→ EXTRACTED RECORDS:
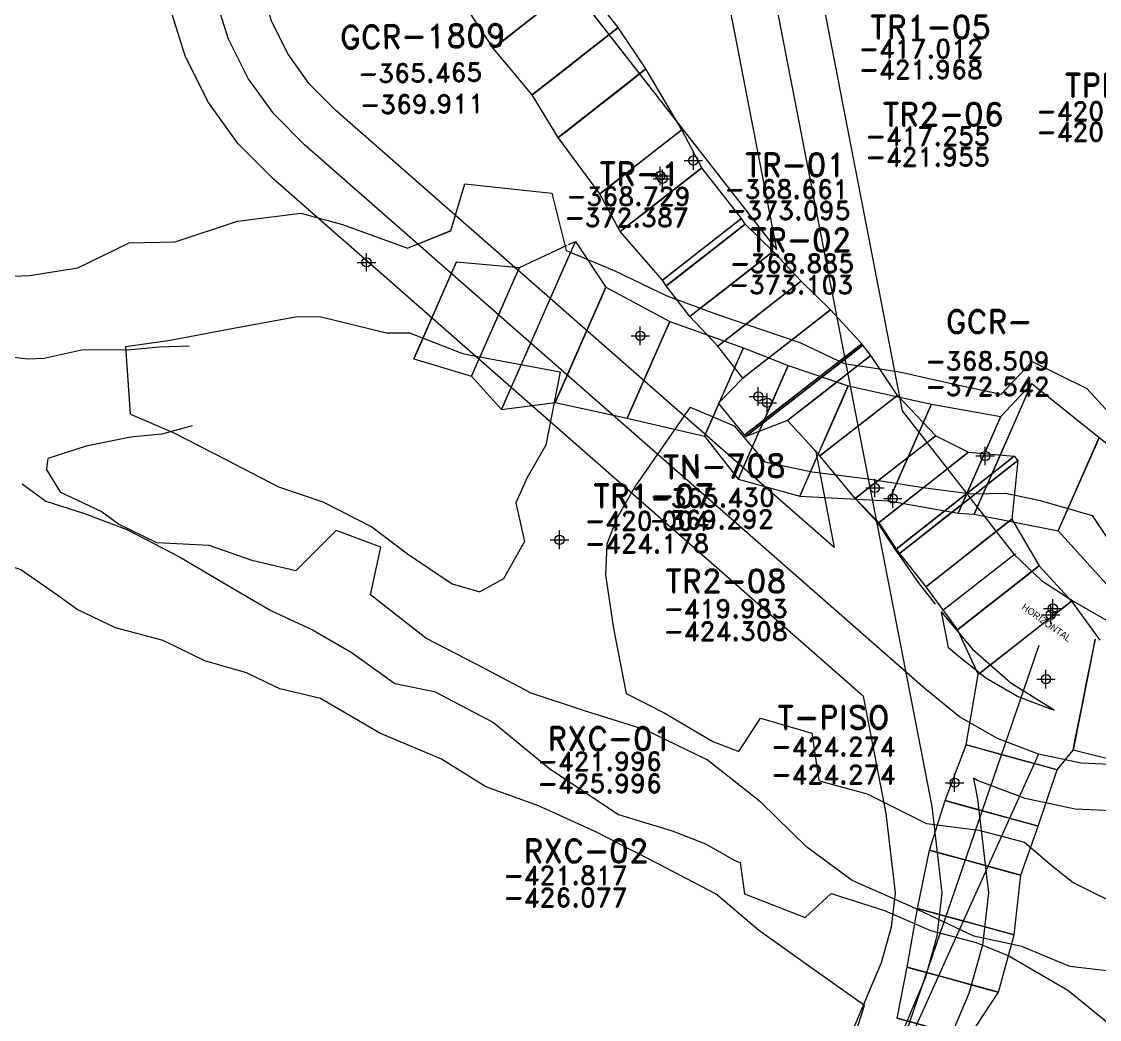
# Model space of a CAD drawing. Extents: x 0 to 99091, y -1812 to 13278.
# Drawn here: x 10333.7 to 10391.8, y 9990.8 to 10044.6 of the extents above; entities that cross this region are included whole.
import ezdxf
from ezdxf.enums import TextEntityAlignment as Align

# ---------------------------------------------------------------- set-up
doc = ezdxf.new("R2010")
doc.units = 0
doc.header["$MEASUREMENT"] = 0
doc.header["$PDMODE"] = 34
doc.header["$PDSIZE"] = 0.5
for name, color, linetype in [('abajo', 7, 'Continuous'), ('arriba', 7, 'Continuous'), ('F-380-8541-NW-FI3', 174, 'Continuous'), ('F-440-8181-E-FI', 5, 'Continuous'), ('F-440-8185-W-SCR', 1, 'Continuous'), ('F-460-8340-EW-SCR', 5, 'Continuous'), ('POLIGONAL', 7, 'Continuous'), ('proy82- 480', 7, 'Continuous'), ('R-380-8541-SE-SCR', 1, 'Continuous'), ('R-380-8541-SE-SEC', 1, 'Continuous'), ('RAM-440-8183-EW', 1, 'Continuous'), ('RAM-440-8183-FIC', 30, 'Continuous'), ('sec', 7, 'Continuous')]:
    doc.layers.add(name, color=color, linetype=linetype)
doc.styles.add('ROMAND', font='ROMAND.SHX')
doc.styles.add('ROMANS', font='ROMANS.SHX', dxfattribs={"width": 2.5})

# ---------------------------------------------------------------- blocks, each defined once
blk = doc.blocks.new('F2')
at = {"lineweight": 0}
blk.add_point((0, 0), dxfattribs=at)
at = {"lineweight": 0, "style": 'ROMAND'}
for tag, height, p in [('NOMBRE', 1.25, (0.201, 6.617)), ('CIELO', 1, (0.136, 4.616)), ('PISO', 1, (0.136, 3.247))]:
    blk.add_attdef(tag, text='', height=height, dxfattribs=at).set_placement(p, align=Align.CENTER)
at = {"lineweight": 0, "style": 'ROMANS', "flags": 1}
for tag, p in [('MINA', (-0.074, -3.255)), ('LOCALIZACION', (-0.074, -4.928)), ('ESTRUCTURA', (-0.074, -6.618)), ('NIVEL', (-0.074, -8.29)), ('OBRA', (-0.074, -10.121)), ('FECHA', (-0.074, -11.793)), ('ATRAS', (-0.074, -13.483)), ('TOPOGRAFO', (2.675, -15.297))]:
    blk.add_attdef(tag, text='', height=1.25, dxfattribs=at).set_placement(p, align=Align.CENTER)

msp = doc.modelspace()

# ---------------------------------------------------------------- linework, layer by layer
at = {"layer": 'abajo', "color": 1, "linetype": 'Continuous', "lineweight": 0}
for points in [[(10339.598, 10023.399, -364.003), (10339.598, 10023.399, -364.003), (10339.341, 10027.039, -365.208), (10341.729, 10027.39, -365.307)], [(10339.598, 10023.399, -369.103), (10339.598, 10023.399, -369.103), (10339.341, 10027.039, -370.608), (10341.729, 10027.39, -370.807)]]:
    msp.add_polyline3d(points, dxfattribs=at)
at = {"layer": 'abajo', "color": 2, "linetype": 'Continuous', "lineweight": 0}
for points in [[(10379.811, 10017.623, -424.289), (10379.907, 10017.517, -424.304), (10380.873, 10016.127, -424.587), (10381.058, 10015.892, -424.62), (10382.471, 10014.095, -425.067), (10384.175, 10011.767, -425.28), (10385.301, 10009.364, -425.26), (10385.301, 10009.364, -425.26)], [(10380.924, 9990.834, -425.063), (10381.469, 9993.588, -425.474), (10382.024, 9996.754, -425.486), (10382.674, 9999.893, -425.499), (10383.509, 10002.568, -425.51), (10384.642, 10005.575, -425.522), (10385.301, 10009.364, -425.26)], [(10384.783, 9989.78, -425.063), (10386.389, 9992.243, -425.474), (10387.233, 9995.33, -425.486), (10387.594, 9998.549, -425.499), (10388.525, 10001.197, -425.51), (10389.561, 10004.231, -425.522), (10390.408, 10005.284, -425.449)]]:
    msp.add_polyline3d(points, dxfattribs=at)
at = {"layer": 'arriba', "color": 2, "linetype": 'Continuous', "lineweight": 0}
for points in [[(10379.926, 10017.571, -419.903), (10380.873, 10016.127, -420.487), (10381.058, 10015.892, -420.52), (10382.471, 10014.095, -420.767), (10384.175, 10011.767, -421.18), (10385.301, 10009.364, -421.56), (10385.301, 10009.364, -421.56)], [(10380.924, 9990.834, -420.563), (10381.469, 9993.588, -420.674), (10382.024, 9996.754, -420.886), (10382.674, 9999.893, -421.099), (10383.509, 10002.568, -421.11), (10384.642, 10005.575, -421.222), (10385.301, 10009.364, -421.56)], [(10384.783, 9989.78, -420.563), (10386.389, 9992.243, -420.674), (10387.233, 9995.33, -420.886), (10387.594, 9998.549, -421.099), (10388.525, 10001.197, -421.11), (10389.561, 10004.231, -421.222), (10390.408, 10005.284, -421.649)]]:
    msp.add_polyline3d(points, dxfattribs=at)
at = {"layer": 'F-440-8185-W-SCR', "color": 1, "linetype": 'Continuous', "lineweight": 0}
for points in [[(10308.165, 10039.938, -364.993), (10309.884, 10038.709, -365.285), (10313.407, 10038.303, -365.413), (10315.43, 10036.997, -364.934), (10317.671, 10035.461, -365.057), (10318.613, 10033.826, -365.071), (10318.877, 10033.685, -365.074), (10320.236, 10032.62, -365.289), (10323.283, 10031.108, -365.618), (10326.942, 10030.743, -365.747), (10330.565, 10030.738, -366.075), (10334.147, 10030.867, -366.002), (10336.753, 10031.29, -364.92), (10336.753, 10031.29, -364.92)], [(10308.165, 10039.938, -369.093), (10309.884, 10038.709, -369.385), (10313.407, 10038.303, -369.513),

→ TASK REQUIREMENTS: Without copying any picture, repeat all of the entries exactly.

→ WRITTEN ANSWER:
# Model space of a CAD drawing. Extents: x 0 to 99091, y -1812 to 13278.
# Drawn here: x 10333.7 to 10391.8, y 9990.8 to 10044.6 of the extents above; entities that cross this region are included whole.
import ezdxf
from ezdxf.enums import TextEntityAlignment as Align

# ---------------------------------------------------------------- set-up
doc = ezdxf.new("R2010")
doc.units = 0
doc.header["$MEASUREMENT"] = 0
doc.header["$PDMODE"] = 34
doc.header["$PDSIZE"] = 0.5
for name, color, linetype in [('abajo', 7, 'Continuous'), ('arriba', 7, 'Continuous'), ('F-380-8541-NW-FI3', 174, 'Continuous'), ('F-440-8181-E-FI', 5, 'Continuous'), ('F-440-8185-W-SCR', 1, 'Continuous'), ('F-460-8340-EW-SCR', 5, 'Continuous'), ('POLIGONAL', 7, 'Continuous'), ('proy82- 480', 7, 'Continuous'), ('R-380-8541-SE-SCR', 1, 'Continuous'), ('R-380-8541-SE-SEC', 1, 'Continuous'), ('RAM-440-8183-EW', 1, 'Continuous'), ('RAM-440-8183-FIC', 30, 'Continuous'), ('sec', 7, 'Continuous')]:
    doc.layers.add(name, color=color, linetype=linetype)
doc.styles.add('ROMAND', font='ROMAND.SHX')
doc.styles.add('ROMANS', font='ROMANS.SHX', dxfattribs={"width": 2.5})

# ---------------------------------------------------------------- blocks, each defined once
blk = doc.blocks.new('F2')
at = {"lineweight": 0}
blk.add_point((0, 0), dxfattribs=at)
at = {"lineweight": 0, "style": 'ROMAND'}
for tag, height, p in [('NOMBRE', 1.25, (0.201, 6.617)), ('CIELO', 1, (0.136, 4.616)), ('PISO', 1, (0.136, 3.247))]:
    blk.add_attdef(tag, text='', height=height, dxfattribs=at).set_placement(p, align=Align.CENTER)
at = {"lineweight": 0, "style": 'ROMANS', "flags": 1}
for tag, p in [('MINA', (-0.074, -3.255)), ('LOCALIZACION', (-0.074, -4.928)), ('ESTRUCTURA', (-0.074, -6.618)), ('NIVEL', (-0.074, -8.29)), ('OBRA', (-0.074, -10.121)), ('FECHA', (-0.074, -11.793)), ('ATRAS', (-0.074, -13.483)), ('TOPOGRAFO', (2.675, -15.297))]:
    blk.add_attdef(tag, text='', height=1.25, dxfattribs=at).set_placement(p, align=Align.CENTER)

msp = doc.modelspace()

# ---------------------------------------------------------------- linework, layer by layer
at = {"layer": 'abajo', "color": 1, "linetype": 'Continuous', "lineweight": 0}
for points in [[(10339.598, 10023.399, -364.003), (10339.598, 10023.399, -364.003), (10339.341, 10027.039, -365.208), (10341.729, 10027.39, -365.307)], [(10339.598, 10023.399, -369.103), (10339.598, 10023.399, -369.103), (10339.341, 10027.039, -370.608), (10341.729, 10027.39, -370.807)]]:
    msp.add_polyline3d(points, dxfattribs=at)
at = {"layer": 'abajo', "color": 2, "linetype": 'Continuous', "lineweight": 0}
for points in [[(10379.811, 10017.623, -424.289), (10379.907, 10017.517, -424.304), (10380.873, 10016.127, -424.587), (10381.058, 10015.892, -424.62), (10382.471, 10014.095, -425.067), (10384.175, 10011.767, -425.28), (10385.301, 10009.364, -425.26), (10385.301, 10009.364, -425.26)], [(10380.924, 9990.834, -425.063), (10381.469, 9993.588, -425.474), (10382.024, 9996.754, -425.486), (10382.674, 9999.893, -425.499), (10383.509, 10002.568, -425.51), (10384.642, 10005.575, -425.522), (10385.301, 10009.364, -425.26)], [(10384.783, 9989.78, -425.063), (10386.389, 9992.243, -425.474), (10387.233, 9995.33, -425.486), (10387.594, 9998.549, -425.499), (10388.525, 10001.197, -425.51), (10389.561, 10004.231, -425.522), (10390.408, 10005.284, -425.449)]]:
    msp.add_polyline3d(points, dxfattribs=at)
at = {"layer": 'arriba', "color": 2, "linetype": 'Continuous', "lineweight": 0}
for points in [[(10379.926, 10017.571, -419.903), (10380.873, 10016.127, -420.487), (10381.058, 10015.892, -420.52), (10382.471, 10014.095, -420.767), (10384.175, 10011.767, -421.18), (10385.301, 10009.364, -421.56), (10385.301, 10009.364, -421.56)], [(10380.924, 9990.834, -420.563), (10381.469, 9993.588, -420.674), (10382.024, 9996.754, -420.886), (10382.674, 9999.893, -421.099), (10383.509, 10002.568, -421.11), (10384.642, 10005.575, -421.222), (10385.301, 10009.364, -421.56)], [(10384.783, 9989.78, -420.563), (10386.389, 9992.243, -420.674), (10387.233, 9995.33, -420.886), (10387.594, 9998.549, -421.099), (10388.525, 10001.197, -421.11), (10389.561, 10004.231, -421.222), (10390.408, 10005.284, -421.649)]]:
    msp.add_polyline3d(points, dxfattribs=at)
at = {"layer": 'F-440-8185-W-SCR', "color": 1, "linetype": 'Continuous', "lineweight": 0}
for points in [[(10308.165, 10039.938, -364.993), (10309.884, 10038.709, -365.285), (10313.407, 10038.303, -365.413), (10315.43, 10036.997, -364.934), (10317.671, 10035.461, -365.057), (10318.613, 10033.826, -365.071), (10318.877, 10033.685, -365.074), (10320.236, 10032.62, -365.289), (10323.283, 10031.108, -365.618), (10326.942, 10030.743, -365.747), (10330.565, 10030.738, -366.075), (10334.147, 10030.867, -366.002), (10336.753, 10031.29, -364.92), (10336.753, 10031.29, -364.92)], [(10308.165, 10039.938, -369.093), (10309.884, 10038.709, -369.385), (10313.407, 10038.303, -369.513),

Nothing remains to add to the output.